Путин назначил своим помощником Ястржембского. Мне кажется, зря. Ястржембский может быть и старательный чиновник, но человек-то он неверный, постоянно подстраивающийся к происходящим событиям и мало влияющий на формирование этих событий. Не думаю, чтобы у него были какие-либо принципы, кроме собственного благополучия и непременного желания быть всё время на виду. Он верно служил Ельцину, а когда стало ясно, насколько тот непопулярен, ушёл к Лужкову, который как раз в то время представлялся наиболее вероятным кандидатом на президентских выборах. Расчет оказался неверным, и он перебрался к Путину. Но может быть Путину как раз и нужен такой человек? Ведь не сам он пришёл, его позвали. Зачем? Что думает Путин, я не знаю. Если бы знал, почему бы мне самому не выдвигаться в президенты?
У меня гостит Вася[342] со всей своей семьёй. В последний вечер перед их отъездом сидели на кухне все вместе, говорили о разном. О том, что Васе надо написать большую книгу о «снежном человеке». О телепатии. О жизни после смерти. О Весьегонске и Васином прадеде Николае Николаевиче. Мы с Гелой[343] выпили по полстаканчика вина, а Вася — три бутылки пива. Очень как-то душевно посидели, но когда расходились, было заметно, что Васюня захмелел. Я уже лежал в постели, когда он вдруг вошёл ко мне и сказал:
— Папа, я хочу сказать тебе такое, что трезвый я тебе, наверное, не скажу… Папа, мне очень повезло, что у меня такой отец…
Мы проговорили долго, а когда он ушёл, я подумал, что за всю мою жизнь выше награды, чем это признание, у меня не было. Разве такое хотя бы отдалённо можно сравнить с орденами, званиями, хвалебными отзывами? Ни с чем это сравнить нельзя…
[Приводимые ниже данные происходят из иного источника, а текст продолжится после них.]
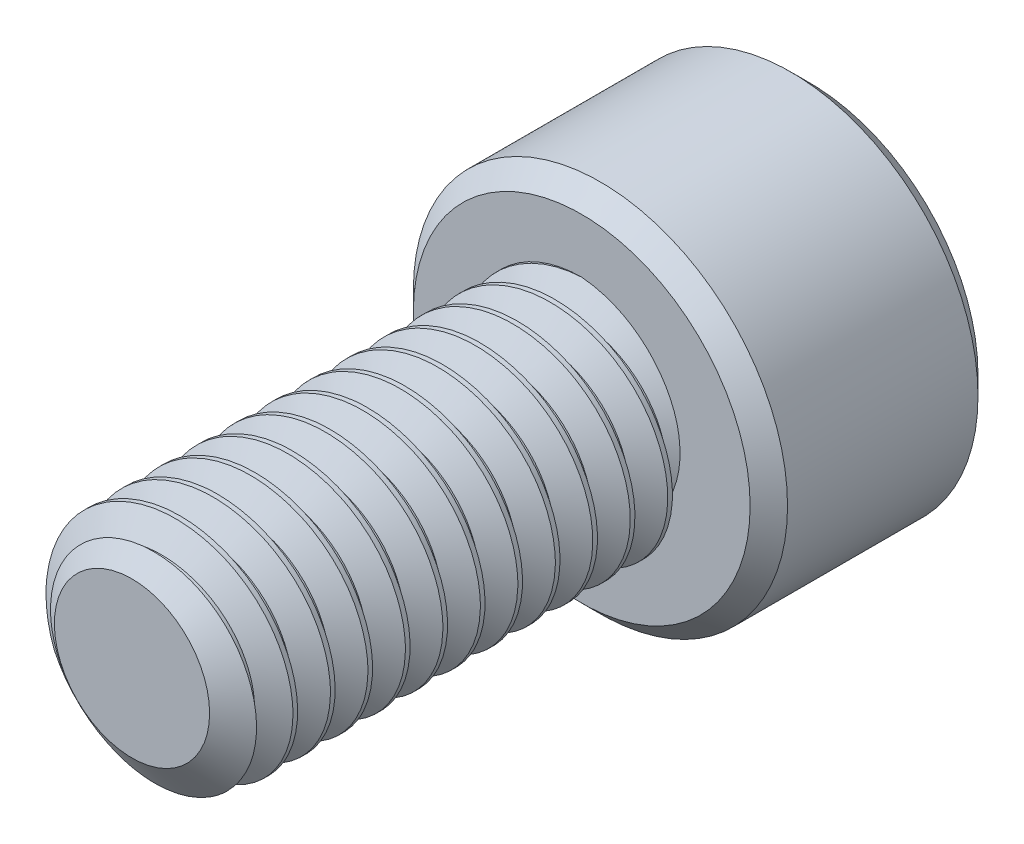
SolidWorks part; units mm, degrees
note: '?' marks a value the reader was unsure of.
other "DetailItem1"
material "Nylon 6/10"
ref_plane "Front Plane" through (0, 0, 0) normal (0, 0, 1) x (1, 0, 0)
ref_plane "Top Plane" through (0, 0, 0) normal (0, 1, 0) x (1, 0, 0)
ref_plane "Right Plane" through (0, 0, 0) normal (1, 0, 0) x (0, 0, -1)
sketch "Sketch1" plane through (0, 0, 0) normal (0, 0, 1) x (1, 0, 0)
  circle A0 centre (0, 0) radius 2.413
  dimension "OD" = 4.826
extrude "Extrude1" add sketch "Sketch1" against normal blind 9.525
sketch "Sketch2" plane through (0, 0, 0) normal (0, 0, 1) x (1, 0, 0)
  circle A0 centre (0, 0) radius 2.413 construction
  circle A1 centre (0, 0) radius 2.413
curve "Helix/Spiral1" pitch 0.7937 height 10.3187 turns 13 parameters "pitch"=0.7937
sketch "Sketch3" plane through (0, 0, 0) normal (1, 0, 0) x (0, 0, -1)
  line L0 (-0.6945, 2.413) -> (-0.3969, 1.8974)
  line L1 (-0.3969, 1.8974) -> (-0.2977, 1.8974)
  line L2 (-0.2977, 1.8974) -> (0, 2.413)
  line L3 (-0.6945, 2.413) -> (0, 2.413)
  line L4 (-0.3473, 2.413) -> (-0.3473, 1.8974) construction
  line L5 (-0.5457, 2.1552) -> (-0.1488, 2.1552) construction
  line L6 (0, 2.413) -> (0, -2.413) construction
  dimension "D1" = 0.0992
  dimension "D2" = 0.3969
  dimension "D3" = 60
sweep "Cut-Sweep1" cut profiles "Sketch3" path "Helix/Spiral1"
sketch "Sketch4" plane through (0, 0, 0) normal (1, 0, 0) x (0, 0, -1)
  line L0 (0.5388, 2.413) -> (0, 1.6434)
  line L1 (0, 1.6434) -> (0, 2.413)
  line L2 (0.5388, 2.413) -> (0, 2.413)
  line L3 (-0.6945, 2.413) -> (0, 2.413) construction
  line L4 (0, 0) -> (7.0209, 0) construction
  dimension "D1" = 55
  dimension "D2" = 0.254
revolve "Cut-Revolve1" cut sketch "Sketch4" angle 360 about L4
sketch "Sketch6" plane through (0, 0, -9.525) normal (0, 0, -1) x (-1, 0, 0)
  circle A0 centre (0, 0) radius 3.9624
  dimension "head dia" = 7.9248
extrude "Extrude2" add sketch "Sketch6" along normal blind 4.826
sketch "Sketch7" plane through (0, 0, -14.351) normal (0, 0, -1) x (-1, 0, 0)
  line L1 (0, 2.2914) -> (-1.9844, 1.1457)
  line L2 (-1.9844, 1.1457) -> (-1.9844, -1.1457)
  line L3 (-1.9844, -1.1457) -> (0, -2.2914)
  line L4 (0, -2.2914) -> (1.9844, -1.1457)
  line L5 (1.9844, -1.1457) -> (1.9844, 1.1457)
  line L6 (1.9844, 1.1457) -> (0, 2.2914)
  circle A0 centre (0, 0) radius 1.9844 construction
  dimension "hex dia" = 3.9688
extrude "Cut-Extrude1" cut sketch "Sketch7" against normal blind 2.9766
sketch "Sketch8" plane through (0, 0, -14.351) normal (0, 0, -1) x (-1, 0, 0)
  circle A0 centre (0, 0) radius 2.2914
extrude "Cut-Extrude2" cut sketch "Sketch8" against normal through all draft 45
chamfer "Chamfer1" distance 0.3962 angle 45 2 edges at (-3.9624, 0, -14.351) (-3.9624, 0, -9.525)
sketch "Sketch10" plane through (0, 0, -9.525) normal (0, 0, 1) x (1, 0, 0)
  circle A1 centre (0, 0) radius 2.413
  circle A2 centre (0, 0) radius 2.413
  dimension "D1" = 0
ref_plane "Plane1" through (0, 0, -38.1) normal (0, 0, 1) x (1, 0, 0)
extrude "partial thread" [suppressed] add sketch "Sketch10" along normal up to surface (12.7 mm away) separate body
chamfer "Chamfer2" [suppressed] distance 0.0965 angle 45
combine bodies "Combine1" [suppressed] operation type? add bodies to combine 107 108
sketch "Sketch9" plane through (0, 0, 0) normal (1, 0, 0) x (0, 0, -1)
  line L0 (0, 2.413) -> (0, -2.413) construction
  line L1 (1.9844, 2.413) -> (1.9844, -2.413) construction
  dimension "D1" = 1.9844
equation "\"D3@Helix/Spiral1\" = \"screw length@Extrude1\"+\"pitch@Helix/Spiral1\""
equation "\"D1@Sketch3\" = \"pitch@Helix/Spiral1\"*.125"
equation "\"D2@Sketch3\" = \"pitch@Helix/Spiral1\"*.5"
equation "\"D1@Cut-Extrude1\" = \"hex dia@Sketch7\"*.75"
equation "\"D1@Chamfer1\" = \"head dia@Sketch6\"*.05"
equation "\"D1@Sketch9\" = \"pitch@Helix/Spiral1\"*2.5"
equation "\"D1@Chamfer2\"=\"OD@Sketch1\"*.02"

Насколько чище, морально здоровее была бы наша жизнь, если бы не было телевидения… Но, с другой стороны, техническое изобретение не может быть плохим или хорошим. Дело-то в людях. И подумал ещё: если бы мне скинуть годков 40, кто знает, может быть я сам пошёл бы на телевидение…
Снова нашёл подтверждение своих старых мыслей. Вот и Галя Волчек говорит:
— В политике, на мой взгляд, нормальных человеческих отношений быть не может, они никогда в ней не будут главными…
А вот Альбац этого не понимает. Неужели она не видит, как политика разъедает человека? Неужели не чувствует, что человечески она сама становится всё хуже, всё ожесточеннее?
Хочу заступиться за Горбачёва, а то его уже совсем заклевали. Мы с ним почти ровесники. Он был комсомольским деятелем в Краснодаре, я — комсоргом «КП» в Москве. Воспитание у нас было 100 % советское. Мог ли кто-нибудь предположить, что идея построения коммунизма в СССР рухнет так стремительно, похоронив и СССР? Честно скажу, я думал, что наш строй — на века! Но ведь главным его разрушителем стал Горбачёв!
В самом начале XX века революционер-анархист Пётр Алексеевич Кропоткин писал: «Каждый революционер мечтает о диктатуре, будет ли это «диктатура пролетариата», т. е. его вождей, как говорил Маркс, или диктатура революционного штаба, как утверждают бланкисты… Все мечтают о революции, как о возможности легального уничтожения своих врагов при помощи революционных трибуналов… Все революционеры мечтают о «Комитете общественного спасения», целью которого является устранение всякого, кто осмелится думать не так, как думают лица, стоящие во главе власти… Наконец, все мечтают ограничить проявления инициативы личности и самого народа».
В этом контексте Михаил Сергеевич Горбачёв выглядит настоящим контрреволюционером! В его политическом лексиконе отсутствовало слово «диктатура». (Ельцин несравненно в большей степени диктатор, нежели Горбачёв!) Разумеется, на правах президента Горбачёв освобождался от людей, которые ему мешали. Но все эти «уходы на пенсию», «освобождения по состоянию здоровья» были столь далеки от трибуналов и сопровождались такими материальными реверансами, что опальным чиновникам можно было только позавидовать. Не думаю, что, начиная перестройку, Горбачёв «мечтал о завоевании власти». Власть у него была. Причем такая, какую не знали президенты и короли в других странах. Полная и безраздельная у него была власть, и все колесики механизма этой власти работали замечательно. Но он стремился разрушить этот отлаженный механизм! В его мечтах не было и «Комитета общественного спасения». Достаточно вспомнить провинциального якобинца Ельцина, которого Горбачёв мог окоротить, но никогда не затыкал ему рот, не задвигал за Урал, хотя задвинуть вполне мог. И наконец, во всех своих декларациях Горбачёв постоянно говорит о проявлении личной инициативы и призывает проявлять её.